Robust Modeling
An actuarial-type model dominates statistical models for operational risk under the advanced measurement approach.264The Basel II Capital Accord requires that a quantitative model for operational risk must have the capacity to accommodate peculiarities of the loss distribution: high kurtosis, severe right-skewness, and excessive heavy-tailedness. Model selection is complicated by scarcity of the available data along with the presence of tail events, the so-called low frequency/high severity losses, that contribute to the heaviness of the upper tail of the loss distribution. Some critics of the Basel II framework argue that the standards required for the calculation of regulatory capital are such that the amount of the capital charge might even exceed the economic capital,265leaving decreased availability of funds required for financial needs and investments.266This may be well due to misspecification in the model. In this chapter, we propose an approach that can provide a solution to this dilemma.

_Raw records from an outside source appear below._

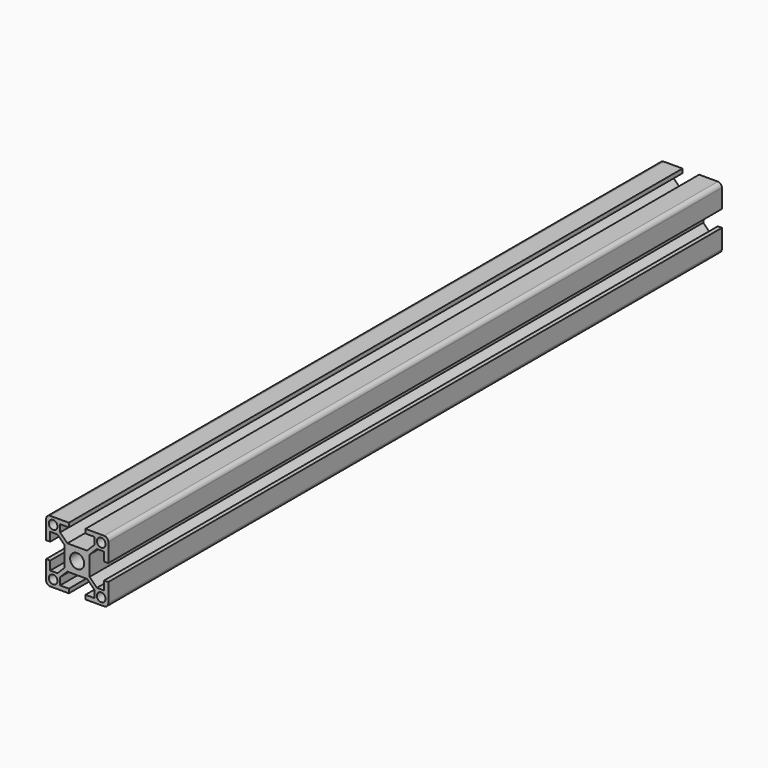
from build123d import *

# Parameters (mm, degrees)
F1_DEPTH = 370
F2_DEPTH = 400
F3_W     = 18.6485039899
F3_H     = 8
F3_W_2   = 19.9612321942
F3_R     = 3.4
F3_R_2   = 2.1
F4_DEPTH = 370
F5_R     = 2


# Not quite as in the source:
# - a pattern or mirror of a feature is missing from the dataset's text; its kind, count and spacing are read off the source's solid


with BuildPart() as f1:
    # F0 (on Front) → F1 (new body)
    with BuildSketch(Plane.XZ):
        Polygon((15, -15), (15, 15), (4, 15), (4, 13), (8.25, 13), (8.25, 9.5), (4.75, 6), (-4.75, 6), (-8.25, 9.5), (-8.25, 13), (-4, 13), (-4, 15), (-15, 15), (-15, -15), align=None)
        Polygon((4, 13), (4, 15), (-4, 15), (-4, 13), (-8.25, 13), (-8.25, 9.5), (-4.75, 6), (4.75, 6), (8.25, 9.5), (8.25, 13), align=None)
    extrude(amount=F1_DEPTH)

    # F0 (on Front) → F2 (cut)
    with BuildSketch(Plane.XZ):
        Polygon((4, 13), (4, 15), (-4, 15), (-4, 13), (-8.25, 13), (-8.25, 9.5), (-4.75, 6), (4.75, 6), (8.25, 9.5), (8.25, 13), align=None)
    f2 = extrude(amount=F2_DEPTH, mode=Mode.SUBTRACT)

    # F2_copies: F2 across plane
    add(f2.mirror(Plane(origin=(0, 0, 0), x_dir=(-1, 0, 0), z_dir=(0, 0, -1))), mode=Mode.SUBTRACT)

    # F3 (on face) → F4 (cut)
    with BuildSketch(Plane(origin=(0, 0, 0), x_dir=(-1, 0, 0), z_dir=(0, 1, 0))):
        Polygon((-6, 4.75), (-9.5, 8.25), (-13, 8.25), (-13, 4), (-13, -4), (-13, -8.25), (-9.5, -8.25), (-6, -4.75), align=None)
        with Locations((-22.3242519949, 0)):
            Rectangle(F3_W, F3_H)
        Polygon((13, 8.25), (9.5, 8.25), (6, 4.75), (6, -4.75), (9.5, -8.25), (13, -8.25), (13, -4), (13, 4), align=None)
        with Locations((22.9806160971, 0)):
            Rectangle(F3_W_2, F3_H)
        Circle(F3_R)
        with Locations((-11.6, 11.6)):
            Circle(F3_R_2)
        with Locations((-11.6, -11.6)):
            Circle(F3_R_2)
        with Locations((11.6, -11.6)):
            Circle(F3_R_2)
        with Locations((11.6, 11.6)):
            Circle(F3_R_2)
    extrude(amount=-F4_DEPTH, mode=Mode.SUBTRACT)

    # F5
    f5_edges = [f1.edges().sort_by_distance(p)[0] for p in [
        (-15, -185, 15),
        (-15, -185, -15),
        (15, -185, -15),
        (15, -185, 15),
    ]]
    fillet(f5_edges, radius=F5_R)


solid = f1.part

In 2001, the Basel Committee made the following recommendation:
Data will need to be collected and robust estimation techniques (for event impact, frequency, and aggregate operational loss) will need to be developed. (BIS, 2001, Annex 6, p. 26)
The notion of robustness can be given different interpretations. One interpretation would be the distributional robustness—robustness of the assumed model to minor departures from the model assumptions. Outlier-resistant ...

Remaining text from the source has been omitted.